"Martijn Tonies" <m.tonies@stripped> wrote on 14/03/2006 11:32:10:
> Hello Paul,
> I suggest you reply to the mailinglist :-) ...
> > The developer insists that for scalability issues, this was the
> > answer. It is likely, for example in my deployment, that these tables
> > would see upwards of 10 million records or more.
> Well, if there are problems with scalability, I guess you could
> split it up in a few (not 1600) tables and have them avaialble
> on different physical hard drives...
In my opinion, splitting things into merge tables has a *strong*
anti-scalability component. Searching a single table with indexes is O(log
n), whereas searching MERGE tables is O(n). Therefore, by splitting your
table into very many pieces, you sharply reduce your scalability in time
while increasing it in space.
Presumably, you want to scatter your table across several drives, so that
you will not have problems when you fill one drive. But you are never
likely to have 1600 drives, so 1600 is a ridiculously large number of
tables to split it into. You should probably split it into no more than
two or three times the largest number of disks you ever expect to have.

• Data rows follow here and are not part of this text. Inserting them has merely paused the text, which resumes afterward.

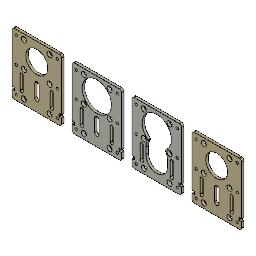
Master Panels v19 (Autodesk Fusion 360 design; units mm, degrees)
Autodesk Fusion 360 part; units mm, degrees
note: some values were not read from the file. Set by a fixed rule: which sketch regions a step uses.
sketch "Sketch1" plane through (0, 0, 0) normal (0, 0, 1) x (1, 0, 0)
  line L0 (-75, 0) -> (75, 0) construction
  line L1 (0, 75) -> (0, -100) construction
  line L2 (0, -100) -> (0, -250) construction
  circle A0 centre (0, 0) radius 12.7
  line L3 (0, 0) -> (-53.033, 53.033) construction
  line L4 (0, 0) -> (75, 0) construction
  circle A1 centre (-15, 15) radius 2.95
  circle A2 centre (15, 15) radius 2.95
  circle A3 centre (-15, -15) radius 2.95
  circle A4 centre (15, -15) radius 2.95
  circle A5 centre (-24, 15) radius 1.4
  circle A6 centre (24, 15) radius 1.4
  circle A7 centre (-24, -15) radius 1.4
  circle A8 centre (24, -15) radius 1.4
  circle A9 centre (-24, -45) radius 1.4
  circle A10 centre (24, -45) radius 1.4
  line L5 (-29, 21) -> (29, 21)
  line L6 (29, 21) -> (29, -51)
  line L7 (29, -51) -> (-29, -51)
  line L8 (-29, -51) -> (-29, 21)
  circle A11 centre (-15, -45) radius 2.95
  circle A12 centre (15, -45) radius 2.95
  line L9 (15.75, -21.7504) -> (15.75, -38.25)
  arc A13 (15.75, -38.25) -> (19.25, -38.25) centre (17.5, -38.25) ccw
  line L10 (19.25, -38.25) -> (19.25, -21.7504)
  arc A14 (19.25, -21.7504) -> (15.75, -21.7504) centre (17.5, -21.7504) ccw
  line L11 (17.5, -20.0004) -> (17.5, -40) construction
  line L12 (-17.5, -20.0004) -> (-17.5, -40) construction
  line L13 (-15.75, -21.7504) -> (-15.75, -38.25)
  arc A15 (-15.75, -21.7504) -> (-19.25, -21.7504) centre (-17.5, -21.7504) ccw
  line L14 (-19.25, -38.25) -> (-19.25, -21.7504)
  arc A16 (-19.25, -38.25) -> (-15.75, -38.25) centre (-17.5, -38.25) ccw
  line L15 (-2.5, -22.5004) -> (-2.5, -37.5)
  arc A17 (-2.5, -37.5) -> (2.5, -37.5) centre (0, -37.5) ccw
  line L16 (2.5, -37.5) -> (2.5, -22.5004)
  arc A18 (2.5, -22.5004) -> (-2.5, -22.5004) centre (0, -22.5004) ccw
  line L17 (0, -20.0004) -> (0, -40) construction
  line L18 (-29, -51) -> (-26, -51)
  line L19 (-26, -51) -> (-26, -39.1)
  line L20 (-26, -39.1) -> (-29, -39.1)
  line L21 (-29, -39.1) -> (-29, -51)
  line L22 (-29, -42) -> (-26, -42)
  line L23 (29, -42) -> (26, -42)
  line L24 (26, -51) -> (26, -39.1)
  line L25 (26, -39.1) -> (29, -39.1)
  dimension "d1" = 25.4
  dimension "d2" = 135
  dimension "d3" = 75
  dimension "d4" = 5.9
  dimension "d5" = 15
  dimension "d8" = 30
  dimension "d9" = -60
  dimension "d10" = 2.8
  dimension "d11" = 9
  dimension "d14" = 48
  dimension "d15" = -60
  dimension "d16" = 5
  dimension "d17" = 6
  dimension "d18" = 5
  dimension "d19" = 6
  dimension "d20" = 3.5
  dimension "d21" = 17.5
  dimension "d22" = 5
  dimension "d38" = 58
  dimension "d39" = 72
  dimension "d42" = 3
  dimension "d43" = 11.9
  dimension "d44" = 9
  measures "d1" diameter of A0
  measures "d2" angle of L3 L4
  measures "d3" distance of A0.centre L3.end
  measures "d4" diameter of A1
  measures "d5" distance of L0 A1.centre
  measures "d10" diameter of A5
  measures "d11" distance of A1.centre A5.centre
  measures "d16" distance of A6.centre L6
  measures "d17" distance of A2.centre L5
  measures "d18" distance of A9.centre L8
  measures "d19" distance of L7 A11.centre
  measures "d20" diameter of A13
  measures "d21" distance of L1 L11
  measures "d22" diameter of A17
  measures "d38" distance of L6.end L7.end
  measures "d39" distance of L5.end L6.end
  measures "d42" distance of L7.end L18.end
  measures "d43" distance of L7.end L20.end
  measures "d44" distance of L7 L22
extrude "Extrude1" add sketch "Sketch1" along normal blind 3 contours L5 L6 L7 L8 L19 L20 L24 L25 | L7 L8 L18 L19 L21 L22 | L6 L7 L23 L24 makes body 1
fillet "Fillet1" radius 2.5 4 edges at (-29, 21, 1.5) (29, 21, 1.5) (29, -51, 1.5) (-29, -51, 1.5) on bodies 1
ref_plane "WorkPlane1" through (0, -15, 3) normal (0, 0, 1) x (1, 0, 0)
sketch "Sketch2" plane through (0, -15, 3) normal (0, 0, 1) x (1, 0, 0)
  arc A0 (-29, -33.5) -> (-26.5, -36) centre (-26.5, -33.5) ccw
  line L0 (-26.5, -36) -> (26.5, -36)
  arc A1 (26.5, -36) -> (29, -33.5) centre (26.5, -33.5) ccw
  line L1 (29, -33.5) -> (29, -27)
  arc A2 (29, 33.5) -> (26.5, 36) centre (26.5, 33.5) ccw
  line L2 (26.5, 36) -> (-26.5, 36)
  arc A3 (-26.5, 36) -> (-29, 33.5) centre (-26.5, 33.5) ccw
  line L3 (-29, 33.5) -> (-29, -24.1)
  arc A4 (19.25, -6.7504) -> (15.75, -6.7504) centre (17.5, -6.7504) ccw
  line L4 (19.25, -6.7504) -> (19.25, -23.25)
  arc A5 (15.75, -23.25) -> (19.25, -23.25) centre (17.5, -23.25) ccw
  line L5 (15.75, -23.25) -> (15.75, -6.7504)
  arc A6 (-15.75, -6.7504) -> (-19.25, -6.7504) centre (-17.5, -6.7504) ccw
  line L6 (-15.75, -6.7504) -> (-15.75, -23.25)
  arc A7 (-19.25, -23.25) -> (-15.75, -23.25) centre (-17.5, -23.25) ccw
  line L7 (-19.25, -23.25) -> (-19.25, -6.7504)
  circle A8 centre (15, -30) radius 2.95
  arc A9 (2.5, -7.5004) -> (-2.5, -7.5004) centre (0, -7.5004) ccw
  line L8 (2.5, -7.5004) -> (2.5, -22.5)
  arc A10 (-2.5, -22.5) -> (2.5, -22.5) centre (0, -22.5) ccw
  line L9 (-2.5, -22.5) -> (-2.5, -7.5004)
  circle A11 centre (24, -30) radius 1.4
  circle A12 centre (-15, -30) radius 2.95
  circle A13 centre (-24, -30) radius 1.4
  circle A14 centre (24, 0) radius 1.4
  circle A15 centre (-24, 0) radius 1.4
  circle A16 centre (24, 30) radius 1.4
  circle A17 centre (-24, 30) radius 1.4
  circle A18 centre (15, 0) radius 2.95
  circle A19 centre (-15, 0) radius 2.95
  circle A20 centre (15, 30) radius 2.95
  circle A21 centre (-15, 30) radius 2.95
  circle A22 centre (0, 15) radius 12.7
  circle A23 centre (0, 15) radius 16.95
  line L10 (29, -27) -> (26, -27)
  line L11 (26, -27) -> (26, -24.1)
  line L12 (26, -24.1) -> (29, -24.1)
  line L13 (29, -24.1) -> (29, 33.5)
  line L14 (-29, -24.1) -> (-26, -24.1)
  line L15 (-26, -24.1) -> (-26, -27)
  line L16 (-26, -27) -> (-29, -27)
  line L17 (-29, -27) -> (-29, -33.5)
  dimension "d27" = 33.9
  measures "d27" diameter of A23
extrude "Extrude2" add sketch "Sketch2" against normal blind 3 separate body contours A0 L0 A1 L1 A2 L2 A3 L3 L10 L11 L12 L13 L14 L15 L16 L17 makes body 2
ref_plane "WorkPlane2" through (0, -15, 3) normal (0, 0, 1) x (1, 0, 0)
sketch "Sketch3" plane through (0, -15, 3) normal (0, 0, 1) x (1, 0, 0)
  arc A0 (-29, -33.5) -> (-26.5, -36) centre (-26.5, -33.5) ccw
  line L0 (-26.5, -36) -> (26.5, -36)
  arc A1 (26.5, -36) -> (29, -33.5) centre (26.5, -33.5) ccw
  line L1 (29, -33.5) -> (29, -27)
  arc A2 (29, 33.5) -> (26.5, 36) centre (26.5, 33.5) ccw
  line L2 (26.5, 36) -> (-26.5, 36)
  arc A3 (-26.5, 36) -> (-29, 33.5) centre (-26.5, 33.5) ccw
  line L3 (-29, 33.5) -> (-29, -24.1)
  arc A4 (19.25, -6.7504) -> (15.75, -6.7504) centre (17.5, -6.7504) ccw
  line L4 (19.25, -6.7504) -> (19.25, -23.25)
  arc A5 (15.75, -23.25) -> (19.25, -23.25) centre (17.5, -23.25) ccw
  line L5 (15.75, -23.25) -> (15.75, -6.7504)
  arc A6 (-15.75, -6.7504) -> (-19.25, -6.7504) centre (-17.5, -6.7504) ccw
  line L6 (-15.75, -6.7504) -> (-15.75, -23.25)
  arc A7 (-19.25, -23.25) -> (-15.75, -23.25) centre (-17.5, -23.25) ccw
  line L7 (-19.25, -23.25) -> (-19.25, -6.7504)
  circle A8 centre (15, -30) radius 2.95
  arc A9 (2.5, -7.5004) -> (-2.5, -7.5004) centre (0, -7.5004) ccw
  line L8 (2.5, -7.5004) -> (2.5, -22.5)
  arc A10 (-2.5, -22.5) -> (2.5, -22.5) centre (0, -22.5) ccw
  line L9 (-2.5, -22.5) -> (-2.5, -7.5004)
  circle A11 centre (24, -30) radius 1.4
  circle A12 centre (-15, -30) radius 2.95
  circle A13 centre (-24, -30) radius 1.4
  circle A14 centre (24, 0) radius 1.4
  circle A15 centre (-24, 0) radius 1.4
  circle A16 centre (24, 30) radius 1.4
  circle A17 centre (-24, 30) radius 1.4
  circle A18 centre (15, 0) radius 2.95
  circle A19 centre (-15, 0) radius 2.95
  circle A20 centre (15, 30) radius 2.95
  circle A21 centre (-15, 30) radius 2.95
  circle A22 centre (0, 15) radius 12.7
  circle A23 centre (0, 15) radius 16.95
  line L10 (12.5, -15) -> (12.5, -7.5004)
  arc A24 (12.5, -7.5004) -> (-12.5, -7.5004) centre (0, -7.5004) ccw
  line L11 (-12.5, -7.5004) -> (-12.5, -15)
  arc A25 (-12.5, -15) -> (12.5, -15) centre (0, -15) ccw
  line L12 (0, -15) -> (0, -7.5004) construction
  line L13 (10, -7.5004) -> (-10, -7.5004)
  line L14 (-10, -7.5004) -> (-10, 7.5004)
  line L15 (-10, 7.5004) -> (10, 7.5004)
  line L16 (10, 7.5004) -> (10, -7.5004)
  line L17 (10, -7.5004) -> (-10, 7.5004) construction
  line L18 (-10, -7.5004) -> (10, 7.5004) construction
  line L19 (29, -27) -> (26, -27)
  line L20 (26, -27) -> (26, -24.1)
  line L21 (26, -24.1) -> (29, -24.1)
  line L22 (29, -24.1) -> (29, 33.5)
  line L23 (-29, -24.1) -> (-26, -24.1)
  line L24 (-26, -24.1) -> (-26, -27)
  line L25 (-26, -27) -> (-29, -27)
  line L26 (-29, -27) -> (-29, -33.5)
  dimension "d31" = 25
  dimension "d32" = 20
  measures "d31" diameter of A24
  measures "d32" distance of L14.end L15.end
extrude "Extrude3" add sketch "Sketch3" against normal blind 3 separate body makes body 3
ref_plane "WorkPlane3" through (0, -15, 3) normal (0, 0, 1) x (1, 0, 0)
sketch "Sketch4" plane through (0, -15, 3) normal (0, 0, 1) x (1, 0, 0)
  arc A0 (-29, -33.5) -> (-26.5, -36) centre (-26.5, -33.5) ccw
  line L0 (-26.5, -36) -> (26.5, -36)
  arc A1 (26.5, -36) -> (29, -33.5) centre (26.5, -33.5) ccw
  line L1 (29, -33.5) -> (29, -27)
  arc A2 (29, 33.5) -> (26.5, 36) centre (26.5, 33.5) ccw
  line L2 (26.5, 36) -> (-26.5, 36)
  arc A3 (-26.5, 36) -> (-29, 33.5) centre (-26.5, 33.5) ccw
  line L3 (-29, 33.5) -> (-29, -24.1)
  arc A4 (19.25, -6.7504) -> (15.75, -6.7504) centre (17.5, -6.7504) ccw
  line L4 (19.25, -6.7504) -> (19.25, -23.25)
  arc A5 (15.75, -23.25) -> (19.25, -23.25) centre (17.5, -23.25) ccw
  line L5 (15.75, -23.25) -> (15.75, -6.7504)
  arc A6 (-15.75, -6.7504) -> (-19.25, -6.7504) centre (-17.5, -6.7504) ccw
  line L6 (-15.75, -6.7504) -> (-15.75, -23.25)
  arc A7 (-19.25, -23.25) -> (-15.75, -23.25) centre (-17.5, -23.25) ccw
  line L7 (-19.25, -23.25) -> (-19.25, -6.7504)
  circle A8 centre (15, -30) radius 2.95
  arc A9 (2.5, -7.5004) -> (-2.5, -7.5004) centre (0, -7.5004) ccw
  line L8 (2.5, -7.5004) -> (2.5, -22.5)
  arc A10 (-2.5, -22.5) -> (2.5, -22.5) centre (0, -22.5) ccw
  line L9 (-2.5, -22.5) -> (-2.5, -7.5004)
  circle A11 centre (24, -30) radius 1.4
  circle A12 centre (-15, -30) radius 2.95
  circle A13 centre (-24, -30) radius 1.4
  circle A14 centre (24, 0) radius 1.4
  circle A15 centre (-24, 0) radius 1.4
  circle A16 centre (24, 30) radius 1.4
  circle A17 centre (-24, 30) radius 1.4
  circle A18 centre (15, 0) radius 2.95
  circle A19 centre (-15, 0) radius 2.95
  circle A20 centre (15, 30) radius 2.95
  circle A21 centre (-15, 30) radius 2.95
  circle A22 centre (0, 15) radius 12.7
  line L10 (29, -27) -> (26, -27)
  line L11 (26, -27) -> (26, -24.1)
  line L12 (26, -24.1) -> (29, -24.1)
  line L13 (29, -24.1) -> (29, 33.5)
  line L14 (-29, -24.1) -> (-26, -24.1)
  line L15 (-26, -24.1) -> (-26, -27)
  line L16 (-26, -27) -> (-29, -27)
  line L17 (-29, -27) -> (-29, -33.5)
extrude "Extrude4" add sketch "Sketch4" against normal blind 3 separate body makes body 4
copy_body "Body->Comp1" bodies 4 removing the originals makes body 5 in component "Component"
copy_body "Body->Comp2" bodies 3 removing the originals makes body 6 in component "Component'"
copy_body "Body->Comp3" bodies 2 removing the originals makes body 7 in component "Component''"
copy_body "Body->Comp4" bodies 1 removing the originals makes body 8 in component "Component'''"
copy_body "Body->Comp1'" bodies 5 removing the originals makes body 9 in component "Component''''"
copy_body "Body->Comp1''" bodies 6 removing the originals makes body 10 in component "Component'''''"
copy_body "Body->Comp1'''" bodies 7 removing the originals makes body 11 in component "Component''''''"
copy_body "Body->Comp1''''" bodies 8 removing the originals makes body 12 in component "Component'''''''"
move_body "Move2" bodies 11 to x (1, 0, 0) y (0, 1, 0) z (0, 0, 1) at (70, 0, 0) in component "Component''''''"
move_body "Move2'" bodies 10 to x (1, 0, 0) y (0, 1, 0) z (0, 0, 1) at (140, 0, 0) in component "Component'''''"
move_body "Move1" bodies 9 to x (1, 0, 0) y (0, 1, 0) z (0, 0, 1) at (210, 0, 0) in component "Component''''"
component "Component" placed x (1, 0, 0) y (0, 1, 0) z (0, 0, 1) at (0, 0, 0)
component "Component'" placed x (1, 0, 0) y (0, 1, 0) z (0, 0, 1) at (0, 0, 0)
component "Component''" placed x (1, 0, 0) y (0, 1, 0) z (0, 0, 1) at (0, 0, 0)
component "Component'''" placed x (1, 0, 0) y (0, 1, 0) z (0, 0, 1) at (0, 0, 0)
component "Component''''" placed x (1, 0, 0) y (0, 1, 0) z (0, 0, 1) at (0, 0, 0) in component "Component"
component "Component'''''" placed x (1, 0, 0) y (0, 1, 0) z (0, 0, 1) at (0, 0, 0) in component "Component'"
component "Component''''''" placed x (1, 0, 0) y (0, 1, 0) z (0, 0, 1) at (0, 0, 0) in component "Component''"
component "Component'''''''" placed x (1, 0, 0) y (0, 1, 0) z (0, 0, 1) at (0, 0, 0) in component "Component'''"
equation "d21 = ( 35 / 2 ) * 1 mm"
equation "d26 = Offset"
equation "d30 = Offset * 2"
equation "d35 = Offset * 3"
equation "Offset = 0 mm"
equation "Spread = 60 mm"

And even so, I would rather combine disks in RAID arrays rather than uses
separate tables. This can give you RAID protection as well as more disk
Which to you expect to run out of first, space or time? You seem to have
some heavyweight i.e. time intensive queries, which suggests that you will
run out of time first. If that is so, the requirement for scalablity says
that you should combine, not split, tables.
To quote Donald Knuth (derived from Hoare) "Premature optimisation is the
root of all evil". You should be sure that you are optimising in the right
place before you dive in: your problem suggests that you are trying to fix
that which is not broken, and breaking other things in the process.